Provided material:
=== Section Start ===

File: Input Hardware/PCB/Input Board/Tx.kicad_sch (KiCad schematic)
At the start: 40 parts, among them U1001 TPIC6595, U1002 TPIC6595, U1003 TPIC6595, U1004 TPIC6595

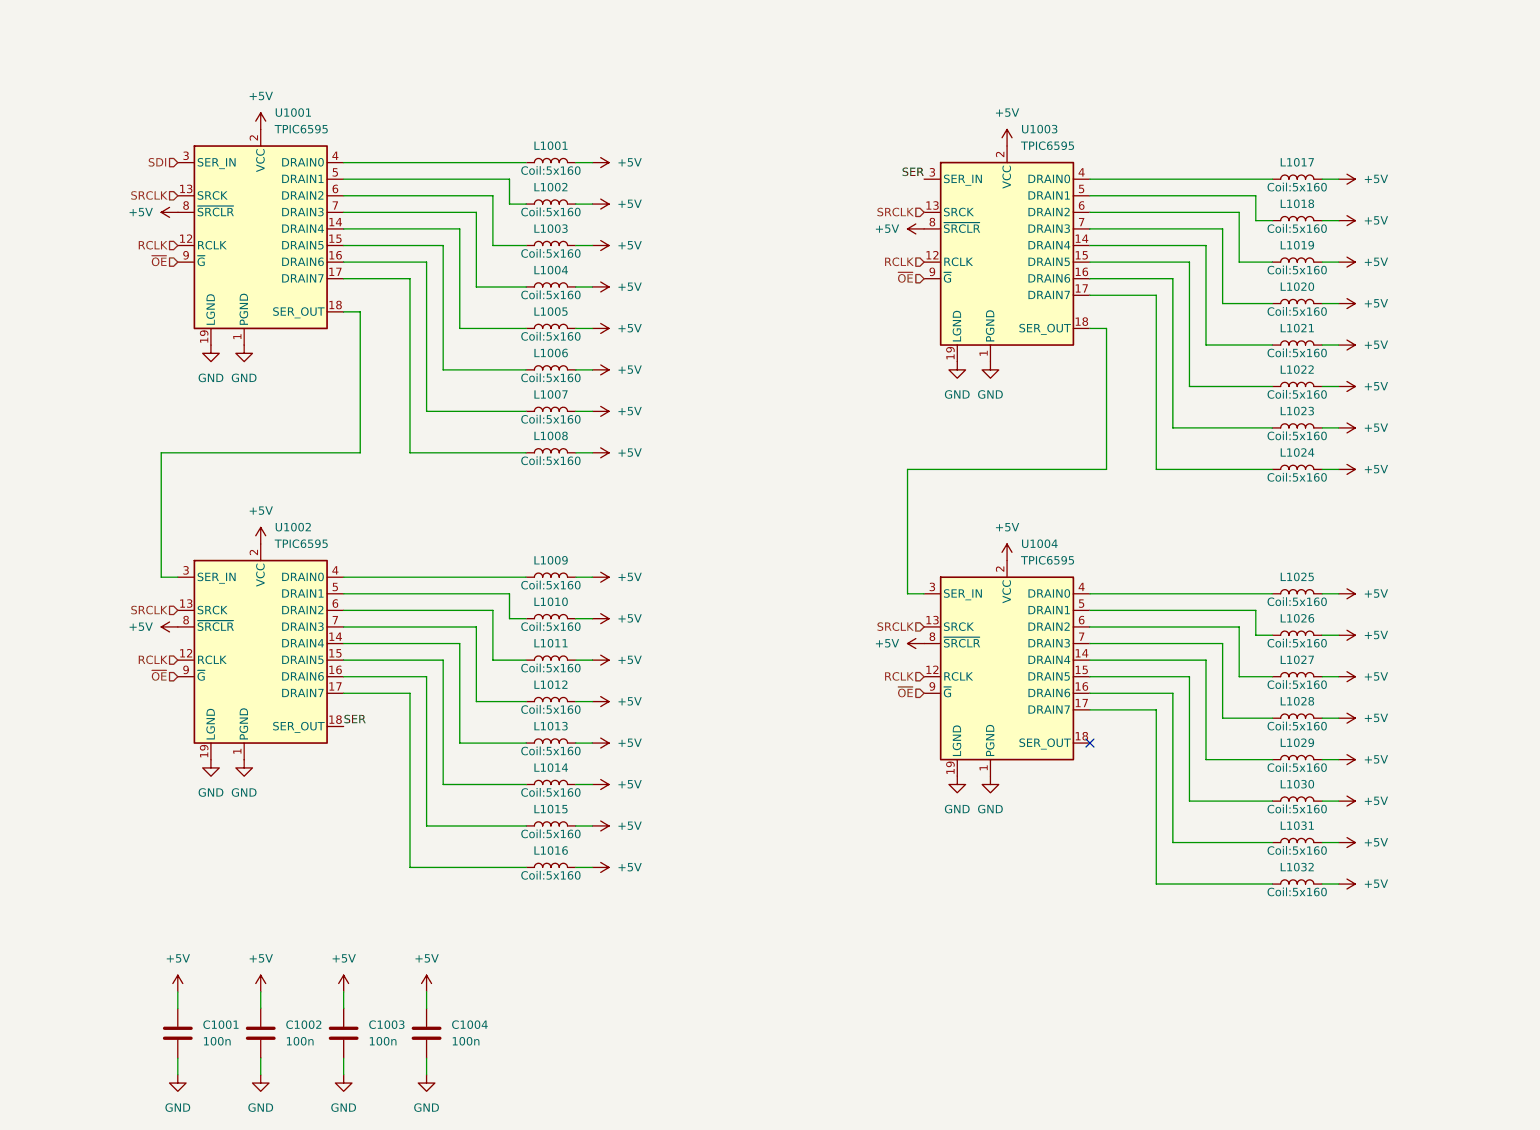
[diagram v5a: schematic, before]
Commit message: driver format update
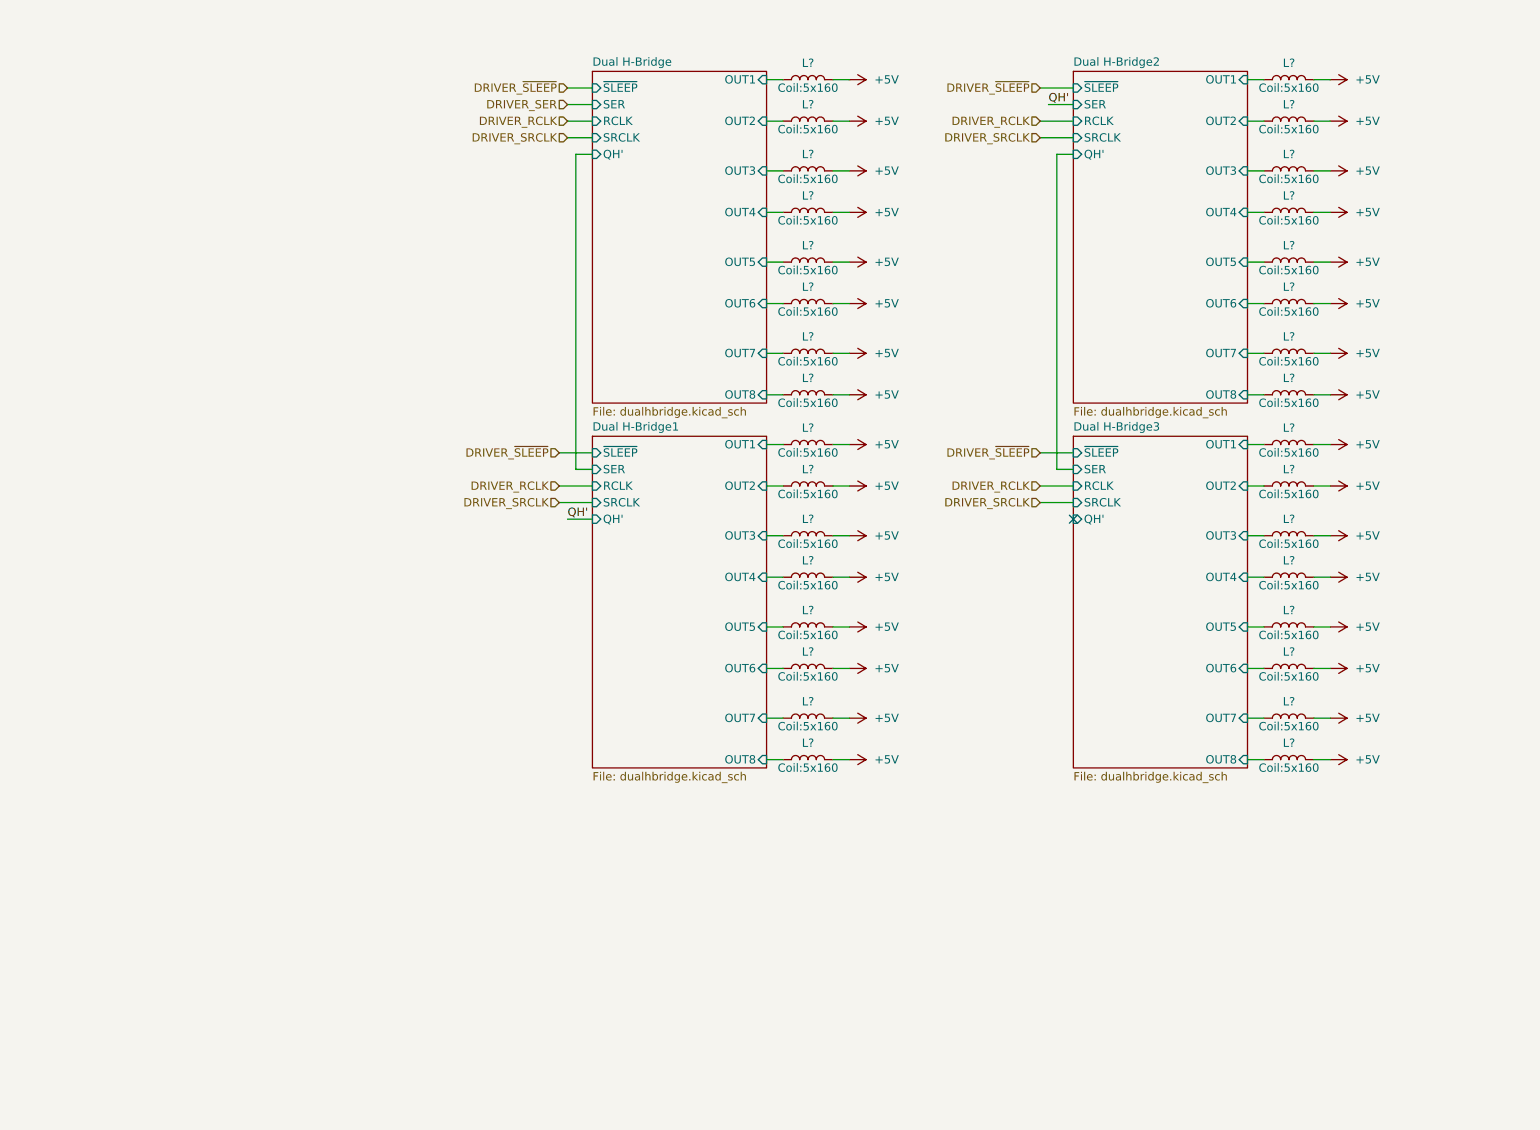
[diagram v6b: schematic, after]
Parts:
- removed C1001, C1002, C1003, C1004: 100n, Capacitor_SMD:C_0603_1608Metric, symbol Device:C
- removed U1001, U1002, U1003, U1004: TPIC6595, Package_SO:SOIC-20W_7.5x12.8mm_P1.27mm, symbol Interface_Expansion:TPIC6595
- renumbered L1019 to L?, L1024 to L?, L1006 to L?, L1003 to L?, L1008 to L?, L1027 to L?, L1007 to L?, L1030 to L?, L1026 to L?, L1004 to L?, L1013 to L?, L1014 to L?, L1011 to L?, L1017 to L?, L1010 to L?, L1031 to L?, L1002 to L?, L1001 to L?, L1005 to L?, L1020 to L?, L1015 to L?, L1023 to L?, L1016 to L?, L1022 to L?, L1018 to L?, L1029 to L?, L1025 to L?, L1028 to L?, L1012 to L?, L1032 to L?, L1009 to L?, L1021 to L?
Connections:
- net Dual H-Bridge2/OUT3: now reaches L?.1
- net Dual H-Bridge2/OUT8: now reaches L?.1
- net Dual H-Bridge/OUT6: now reaches L?.1
- net Dual H-Bridge/OUT3: now reaches L?.1
- net Dual H-Bridge/OUT8: now reaches L?.1
- net Dual H-Bridge3/OUT3: now reaches L?.1
- net Dual H-Bridge/OUT7: now reaches L?.1
- net Dual H-Bridge3/OUT6: now reaches L?.1
- net Dual H-Bridge3/OUT2: now reaches L?.1
- net Dual H-Bridge/OUT4: now reaches L?.1
- net Dual H-Bridge1/OUT5: now reaches L?.1
- net Dual H-Bridge1/OUT6: now reaches L?.1
- net Dual H-Bridge1/OUT3: now reaches L?.1
- net Dual H-Bridge2/OUT1: now reaches L?.1
- net Dual H-Bridge1/OUT2: now reaches L?.1
- net Dual H-Bridge3/OUT7: now reaches L?.1
- net Dual H-Bridge/OUT2: now reaches L?.1
- net Dual H-Bridge2/OUT5: now reaches L?.1
- net Dual H-Bridge2/OUT6: now reaches L?.1
- net Dual H-Bridge2/OUT7: now reaches L?.1
- net Dual H-Bridge2/OUT2: now reaches L?.1
- net Dual H-Bridge2/OUT4: now reaches L?.1
- net Dual H-Bridge/OUT1: now reaches L?.1
- net Dual H-Bridge/OUT5: now reaches L?.1
- net Dual H-Bridge1/OUT7: now reaches L?.1
- net Dual H-Bridge1/OUT8: now reaches L?.1
- net Dual H-Bridge1/OUT1: now reaches L?.1
- net Dual H-Bridge1/OUT4: now reaches L?.1
- net Dual H-Bridge3/OUT5: now reaches L?.1
- net Dual H-Bridge3/OUT8: now reaches L?.1
- net Dual H-Bridge3/OUT1: now reaches L?.1
- net Dual H-Bridge3/OUT4: now reaches L?.1
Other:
- added sheet Dual H-Bridge (dualhbridge.kicad_sch)
- added sheet Dual H-Bridge1 (dualhbridge.kicad_sch)
- added sheet Dual H-Bridge2 (dualhbridge.kicad_sch)
- added sheet Dual H-Bridge3 (dualhbridge.kicad_sch)
- moved on the sheet: L?

=== Section End ===

Try it: Within the material above, the line with "- net Dual H-Bridge/OUT4: now reaches L?.1" opens the range and the line with "- net Dual H-Bridge/OUT2: now reaches L?.1" closes it; reproduce that range word for word.

Response box:
- net Dual H-Bridge/OUT4: now reaches L?.1
- net Dual H-Bridge1/OUT5: now reaches L?.1
- net Dual H-Bridge1/OUT6: now reaches L?.1
- net Dual H-Bridge1/OUT3: now reaches L?.1
- net Dual H-Bridge2/OUT1: now reaches L?.1
- net Dual H-Bridge1/OUT2: now reaches L?.1
- net Dual H-Bridge3/OUT7: now reaches L?.1
- net Dual H-Bridge/OUT2: now reaches L?.1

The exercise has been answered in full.